→ Problem description: Starting with the first line and ending with the line that holds "# ---- materials", repeat the material exactly.

----- Extracted entries -----

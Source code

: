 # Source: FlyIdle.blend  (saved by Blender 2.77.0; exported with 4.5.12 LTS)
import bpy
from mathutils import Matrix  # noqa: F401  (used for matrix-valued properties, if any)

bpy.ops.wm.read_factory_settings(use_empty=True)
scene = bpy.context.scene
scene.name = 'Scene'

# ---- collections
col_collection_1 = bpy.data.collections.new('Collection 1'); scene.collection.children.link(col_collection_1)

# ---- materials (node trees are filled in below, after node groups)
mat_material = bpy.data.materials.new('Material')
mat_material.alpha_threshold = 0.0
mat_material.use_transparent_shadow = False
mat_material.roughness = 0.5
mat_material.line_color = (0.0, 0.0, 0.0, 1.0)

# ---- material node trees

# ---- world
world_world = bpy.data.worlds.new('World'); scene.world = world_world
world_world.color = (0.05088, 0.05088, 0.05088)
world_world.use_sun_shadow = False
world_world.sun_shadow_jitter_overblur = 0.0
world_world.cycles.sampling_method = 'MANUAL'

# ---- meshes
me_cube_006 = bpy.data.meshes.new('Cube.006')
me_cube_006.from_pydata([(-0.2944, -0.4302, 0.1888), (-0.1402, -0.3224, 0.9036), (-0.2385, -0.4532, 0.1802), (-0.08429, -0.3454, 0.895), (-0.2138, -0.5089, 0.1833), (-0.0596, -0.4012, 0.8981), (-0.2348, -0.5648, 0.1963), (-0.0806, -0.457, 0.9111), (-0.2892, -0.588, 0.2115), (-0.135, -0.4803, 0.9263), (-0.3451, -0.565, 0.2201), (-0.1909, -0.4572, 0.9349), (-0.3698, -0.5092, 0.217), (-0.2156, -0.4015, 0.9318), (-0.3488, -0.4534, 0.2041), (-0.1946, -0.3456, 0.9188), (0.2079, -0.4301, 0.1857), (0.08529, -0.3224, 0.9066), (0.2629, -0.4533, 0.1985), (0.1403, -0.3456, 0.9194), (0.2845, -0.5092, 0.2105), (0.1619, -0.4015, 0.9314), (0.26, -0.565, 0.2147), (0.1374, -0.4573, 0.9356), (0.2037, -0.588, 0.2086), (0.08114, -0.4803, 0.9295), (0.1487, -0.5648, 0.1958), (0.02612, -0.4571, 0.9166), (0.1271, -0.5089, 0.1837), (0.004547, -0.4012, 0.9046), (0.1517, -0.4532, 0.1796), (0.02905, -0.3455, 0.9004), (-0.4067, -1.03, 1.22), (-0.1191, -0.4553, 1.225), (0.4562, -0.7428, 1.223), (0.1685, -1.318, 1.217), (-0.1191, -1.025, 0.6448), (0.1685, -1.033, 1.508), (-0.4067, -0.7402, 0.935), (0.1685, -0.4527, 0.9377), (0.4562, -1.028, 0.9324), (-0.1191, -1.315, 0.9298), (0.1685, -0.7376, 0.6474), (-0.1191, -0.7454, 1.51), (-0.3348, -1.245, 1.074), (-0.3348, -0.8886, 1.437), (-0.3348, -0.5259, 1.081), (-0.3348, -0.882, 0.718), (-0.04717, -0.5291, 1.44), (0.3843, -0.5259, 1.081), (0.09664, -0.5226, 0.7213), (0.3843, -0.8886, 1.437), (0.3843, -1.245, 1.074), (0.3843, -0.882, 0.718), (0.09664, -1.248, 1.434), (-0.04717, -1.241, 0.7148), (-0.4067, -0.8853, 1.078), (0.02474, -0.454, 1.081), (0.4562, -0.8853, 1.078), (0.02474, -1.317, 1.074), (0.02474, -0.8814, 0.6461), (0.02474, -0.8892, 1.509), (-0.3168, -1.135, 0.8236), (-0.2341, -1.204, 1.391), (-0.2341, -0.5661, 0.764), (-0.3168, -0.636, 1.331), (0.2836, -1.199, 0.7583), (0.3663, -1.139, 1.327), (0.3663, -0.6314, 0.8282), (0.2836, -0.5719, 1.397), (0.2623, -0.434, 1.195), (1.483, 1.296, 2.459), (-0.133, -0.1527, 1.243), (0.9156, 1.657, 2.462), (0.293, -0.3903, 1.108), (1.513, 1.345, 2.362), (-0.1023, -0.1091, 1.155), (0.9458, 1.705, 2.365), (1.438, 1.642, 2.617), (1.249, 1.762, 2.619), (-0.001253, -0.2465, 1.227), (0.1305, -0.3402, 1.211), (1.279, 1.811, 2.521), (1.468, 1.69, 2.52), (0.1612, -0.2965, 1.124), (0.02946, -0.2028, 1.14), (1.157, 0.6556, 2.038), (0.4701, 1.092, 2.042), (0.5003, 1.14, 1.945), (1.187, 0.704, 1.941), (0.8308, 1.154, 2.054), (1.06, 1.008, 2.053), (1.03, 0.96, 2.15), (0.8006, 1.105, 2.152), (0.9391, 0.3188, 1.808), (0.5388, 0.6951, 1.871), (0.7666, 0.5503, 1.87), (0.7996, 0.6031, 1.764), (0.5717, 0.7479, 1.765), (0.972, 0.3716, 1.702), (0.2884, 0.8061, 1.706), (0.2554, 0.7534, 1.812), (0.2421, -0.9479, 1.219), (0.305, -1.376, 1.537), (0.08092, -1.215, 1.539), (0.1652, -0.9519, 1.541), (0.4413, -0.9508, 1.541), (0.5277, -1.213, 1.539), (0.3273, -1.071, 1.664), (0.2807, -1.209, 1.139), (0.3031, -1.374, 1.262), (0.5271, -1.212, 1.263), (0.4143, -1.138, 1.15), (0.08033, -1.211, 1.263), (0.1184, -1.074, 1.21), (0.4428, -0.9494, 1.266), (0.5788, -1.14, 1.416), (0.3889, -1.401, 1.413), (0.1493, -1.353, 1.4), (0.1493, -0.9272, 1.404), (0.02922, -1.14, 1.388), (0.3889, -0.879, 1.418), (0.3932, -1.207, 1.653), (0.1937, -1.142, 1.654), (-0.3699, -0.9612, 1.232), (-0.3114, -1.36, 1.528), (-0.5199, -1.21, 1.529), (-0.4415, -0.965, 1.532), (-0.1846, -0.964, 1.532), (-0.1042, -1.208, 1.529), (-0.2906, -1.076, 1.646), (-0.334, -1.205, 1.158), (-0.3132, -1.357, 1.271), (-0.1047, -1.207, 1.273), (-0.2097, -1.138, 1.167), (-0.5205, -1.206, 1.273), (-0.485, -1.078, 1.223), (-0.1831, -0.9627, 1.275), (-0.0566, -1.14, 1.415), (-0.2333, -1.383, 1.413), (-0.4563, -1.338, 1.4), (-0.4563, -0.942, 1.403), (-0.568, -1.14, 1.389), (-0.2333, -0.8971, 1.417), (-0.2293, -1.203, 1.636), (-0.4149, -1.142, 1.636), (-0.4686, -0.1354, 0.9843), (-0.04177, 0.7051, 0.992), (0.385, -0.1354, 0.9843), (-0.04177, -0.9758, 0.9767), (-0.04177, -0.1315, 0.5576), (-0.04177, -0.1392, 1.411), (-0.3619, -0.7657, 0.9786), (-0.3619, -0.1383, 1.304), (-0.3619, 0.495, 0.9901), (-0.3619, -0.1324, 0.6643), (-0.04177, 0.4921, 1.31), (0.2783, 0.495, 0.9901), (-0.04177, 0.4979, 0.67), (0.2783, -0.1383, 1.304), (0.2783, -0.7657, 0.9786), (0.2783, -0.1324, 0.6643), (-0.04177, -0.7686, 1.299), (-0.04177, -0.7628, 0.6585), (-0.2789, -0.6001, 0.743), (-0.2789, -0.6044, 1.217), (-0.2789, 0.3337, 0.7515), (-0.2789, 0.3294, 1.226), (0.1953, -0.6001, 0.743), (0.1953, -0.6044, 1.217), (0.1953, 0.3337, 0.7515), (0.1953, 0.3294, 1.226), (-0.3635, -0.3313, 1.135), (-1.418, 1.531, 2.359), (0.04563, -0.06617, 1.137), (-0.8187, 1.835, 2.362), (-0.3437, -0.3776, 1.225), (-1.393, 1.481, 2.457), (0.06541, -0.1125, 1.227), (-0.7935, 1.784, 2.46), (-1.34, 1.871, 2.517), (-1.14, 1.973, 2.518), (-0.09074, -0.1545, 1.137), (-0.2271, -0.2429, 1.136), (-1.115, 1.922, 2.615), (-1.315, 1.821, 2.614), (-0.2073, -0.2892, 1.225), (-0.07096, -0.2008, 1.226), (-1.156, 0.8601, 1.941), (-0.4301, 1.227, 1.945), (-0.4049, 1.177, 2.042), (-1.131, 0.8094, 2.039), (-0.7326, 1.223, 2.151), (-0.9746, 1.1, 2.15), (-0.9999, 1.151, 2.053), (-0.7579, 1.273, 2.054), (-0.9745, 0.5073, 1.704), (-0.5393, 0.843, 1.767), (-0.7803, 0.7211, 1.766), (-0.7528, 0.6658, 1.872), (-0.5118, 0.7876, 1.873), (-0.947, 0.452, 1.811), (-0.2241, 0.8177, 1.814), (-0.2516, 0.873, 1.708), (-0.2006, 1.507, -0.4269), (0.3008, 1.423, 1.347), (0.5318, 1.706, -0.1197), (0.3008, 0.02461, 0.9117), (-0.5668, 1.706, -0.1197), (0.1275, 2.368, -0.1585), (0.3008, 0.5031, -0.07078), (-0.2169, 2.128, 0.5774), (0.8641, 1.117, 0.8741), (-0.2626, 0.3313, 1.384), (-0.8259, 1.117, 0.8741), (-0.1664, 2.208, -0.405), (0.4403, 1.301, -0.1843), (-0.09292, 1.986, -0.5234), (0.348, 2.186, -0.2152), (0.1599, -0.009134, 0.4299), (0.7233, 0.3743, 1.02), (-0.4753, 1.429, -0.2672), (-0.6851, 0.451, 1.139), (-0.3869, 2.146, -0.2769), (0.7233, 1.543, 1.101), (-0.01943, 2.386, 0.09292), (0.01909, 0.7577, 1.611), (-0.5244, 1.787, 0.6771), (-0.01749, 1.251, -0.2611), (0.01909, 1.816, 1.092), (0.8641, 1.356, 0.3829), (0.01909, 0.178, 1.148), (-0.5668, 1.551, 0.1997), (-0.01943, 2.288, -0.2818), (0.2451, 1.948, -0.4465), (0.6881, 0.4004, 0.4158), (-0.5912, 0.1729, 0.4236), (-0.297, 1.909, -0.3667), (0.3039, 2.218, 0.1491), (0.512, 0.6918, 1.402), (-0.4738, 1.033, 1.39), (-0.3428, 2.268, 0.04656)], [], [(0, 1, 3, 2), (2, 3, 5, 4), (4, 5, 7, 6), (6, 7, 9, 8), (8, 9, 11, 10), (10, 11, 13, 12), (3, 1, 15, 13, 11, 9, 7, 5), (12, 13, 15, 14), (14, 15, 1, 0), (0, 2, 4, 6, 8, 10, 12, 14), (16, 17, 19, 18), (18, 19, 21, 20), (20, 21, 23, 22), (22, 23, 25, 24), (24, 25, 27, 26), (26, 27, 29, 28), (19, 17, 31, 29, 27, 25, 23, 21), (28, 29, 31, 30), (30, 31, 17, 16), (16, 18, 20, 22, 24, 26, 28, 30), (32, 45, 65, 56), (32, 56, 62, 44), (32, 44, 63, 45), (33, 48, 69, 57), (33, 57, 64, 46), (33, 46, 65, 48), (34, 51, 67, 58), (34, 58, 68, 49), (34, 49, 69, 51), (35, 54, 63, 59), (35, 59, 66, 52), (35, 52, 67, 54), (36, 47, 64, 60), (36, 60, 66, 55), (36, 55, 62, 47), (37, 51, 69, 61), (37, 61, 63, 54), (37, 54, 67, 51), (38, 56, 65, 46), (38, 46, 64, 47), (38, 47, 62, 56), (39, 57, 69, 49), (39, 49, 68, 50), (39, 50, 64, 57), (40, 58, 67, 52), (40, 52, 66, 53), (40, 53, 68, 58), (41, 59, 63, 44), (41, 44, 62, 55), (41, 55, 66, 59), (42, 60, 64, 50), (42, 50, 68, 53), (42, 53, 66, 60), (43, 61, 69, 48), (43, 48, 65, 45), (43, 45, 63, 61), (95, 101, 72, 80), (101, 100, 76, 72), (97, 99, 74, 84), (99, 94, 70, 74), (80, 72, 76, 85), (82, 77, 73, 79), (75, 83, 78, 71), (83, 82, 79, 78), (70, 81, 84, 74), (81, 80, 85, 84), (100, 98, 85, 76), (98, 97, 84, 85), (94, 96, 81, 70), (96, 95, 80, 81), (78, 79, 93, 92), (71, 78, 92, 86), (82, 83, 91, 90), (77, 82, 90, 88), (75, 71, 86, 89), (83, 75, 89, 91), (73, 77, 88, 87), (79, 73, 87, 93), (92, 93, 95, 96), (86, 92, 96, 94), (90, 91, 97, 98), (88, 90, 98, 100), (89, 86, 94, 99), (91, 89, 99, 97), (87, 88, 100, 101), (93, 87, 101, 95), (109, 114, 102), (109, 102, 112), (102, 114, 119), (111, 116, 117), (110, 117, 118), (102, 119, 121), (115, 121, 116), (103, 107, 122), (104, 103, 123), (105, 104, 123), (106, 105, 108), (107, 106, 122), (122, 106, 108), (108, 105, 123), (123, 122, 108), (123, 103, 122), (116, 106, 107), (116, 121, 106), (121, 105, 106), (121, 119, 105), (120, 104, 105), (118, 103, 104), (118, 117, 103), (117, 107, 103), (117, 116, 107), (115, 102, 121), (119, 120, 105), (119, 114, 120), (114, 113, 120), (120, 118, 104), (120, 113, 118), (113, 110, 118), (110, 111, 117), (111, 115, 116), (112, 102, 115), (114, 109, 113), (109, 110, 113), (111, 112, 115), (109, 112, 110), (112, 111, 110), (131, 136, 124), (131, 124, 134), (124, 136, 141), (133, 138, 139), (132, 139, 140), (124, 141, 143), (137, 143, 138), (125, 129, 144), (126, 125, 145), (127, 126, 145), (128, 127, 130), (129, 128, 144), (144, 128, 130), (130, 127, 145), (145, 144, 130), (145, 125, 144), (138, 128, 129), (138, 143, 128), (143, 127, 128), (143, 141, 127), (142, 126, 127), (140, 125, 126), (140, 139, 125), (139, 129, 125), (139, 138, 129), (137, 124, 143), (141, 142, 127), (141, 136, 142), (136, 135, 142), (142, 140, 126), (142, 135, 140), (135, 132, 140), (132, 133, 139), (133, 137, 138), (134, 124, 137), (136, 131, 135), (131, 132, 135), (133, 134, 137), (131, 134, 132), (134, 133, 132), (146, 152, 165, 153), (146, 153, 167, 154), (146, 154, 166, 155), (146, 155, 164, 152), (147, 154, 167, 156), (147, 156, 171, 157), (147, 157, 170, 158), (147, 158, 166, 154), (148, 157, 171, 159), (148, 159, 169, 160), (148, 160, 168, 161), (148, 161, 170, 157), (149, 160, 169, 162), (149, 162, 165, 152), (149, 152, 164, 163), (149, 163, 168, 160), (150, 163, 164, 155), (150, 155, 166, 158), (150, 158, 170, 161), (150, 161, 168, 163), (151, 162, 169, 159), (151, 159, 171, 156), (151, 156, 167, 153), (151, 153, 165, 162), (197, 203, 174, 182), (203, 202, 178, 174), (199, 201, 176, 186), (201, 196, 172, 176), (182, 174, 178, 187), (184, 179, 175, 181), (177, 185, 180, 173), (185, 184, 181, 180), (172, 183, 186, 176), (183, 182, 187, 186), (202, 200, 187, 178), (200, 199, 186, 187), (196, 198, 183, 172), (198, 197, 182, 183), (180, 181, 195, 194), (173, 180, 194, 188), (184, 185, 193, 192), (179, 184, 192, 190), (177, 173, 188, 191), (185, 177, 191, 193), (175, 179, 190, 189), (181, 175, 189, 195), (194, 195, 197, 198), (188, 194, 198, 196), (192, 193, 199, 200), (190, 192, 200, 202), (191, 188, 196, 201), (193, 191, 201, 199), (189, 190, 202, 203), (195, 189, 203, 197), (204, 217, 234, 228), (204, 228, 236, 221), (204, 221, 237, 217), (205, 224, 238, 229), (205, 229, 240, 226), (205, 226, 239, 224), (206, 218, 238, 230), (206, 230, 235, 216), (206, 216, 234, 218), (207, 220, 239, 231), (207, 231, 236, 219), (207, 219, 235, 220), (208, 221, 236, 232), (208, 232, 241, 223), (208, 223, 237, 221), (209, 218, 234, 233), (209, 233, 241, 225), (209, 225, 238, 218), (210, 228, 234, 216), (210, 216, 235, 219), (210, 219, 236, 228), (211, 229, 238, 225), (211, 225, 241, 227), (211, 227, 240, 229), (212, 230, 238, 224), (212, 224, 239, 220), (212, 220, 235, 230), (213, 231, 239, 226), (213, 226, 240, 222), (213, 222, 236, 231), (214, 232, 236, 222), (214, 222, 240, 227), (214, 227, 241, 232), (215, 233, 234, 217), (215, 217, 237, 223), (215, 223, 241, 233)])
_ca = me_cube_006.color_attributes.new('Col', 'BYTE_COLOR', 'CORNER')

-----

→ Reply to the exercise:
Source code

: # Source: FlyIdle.blend  (saved by Blender 2.77.0; exported with 4.5.12 LTS)
import bpy
from mathutils import Matrix  # noqa: F401  (used for matrix-valued properties, if any)

bpy.ops.wm.read_factory_settings(use_empty=True)
scene = bpy.context.scene
scene.name = 'Scene'

# ---- collections
col_collection_1 = bpy.data.collections.new('Collection 1'); scene.collection.children.link(col_collection_1)

# ---- materials (node trees are filled in below, after node groups)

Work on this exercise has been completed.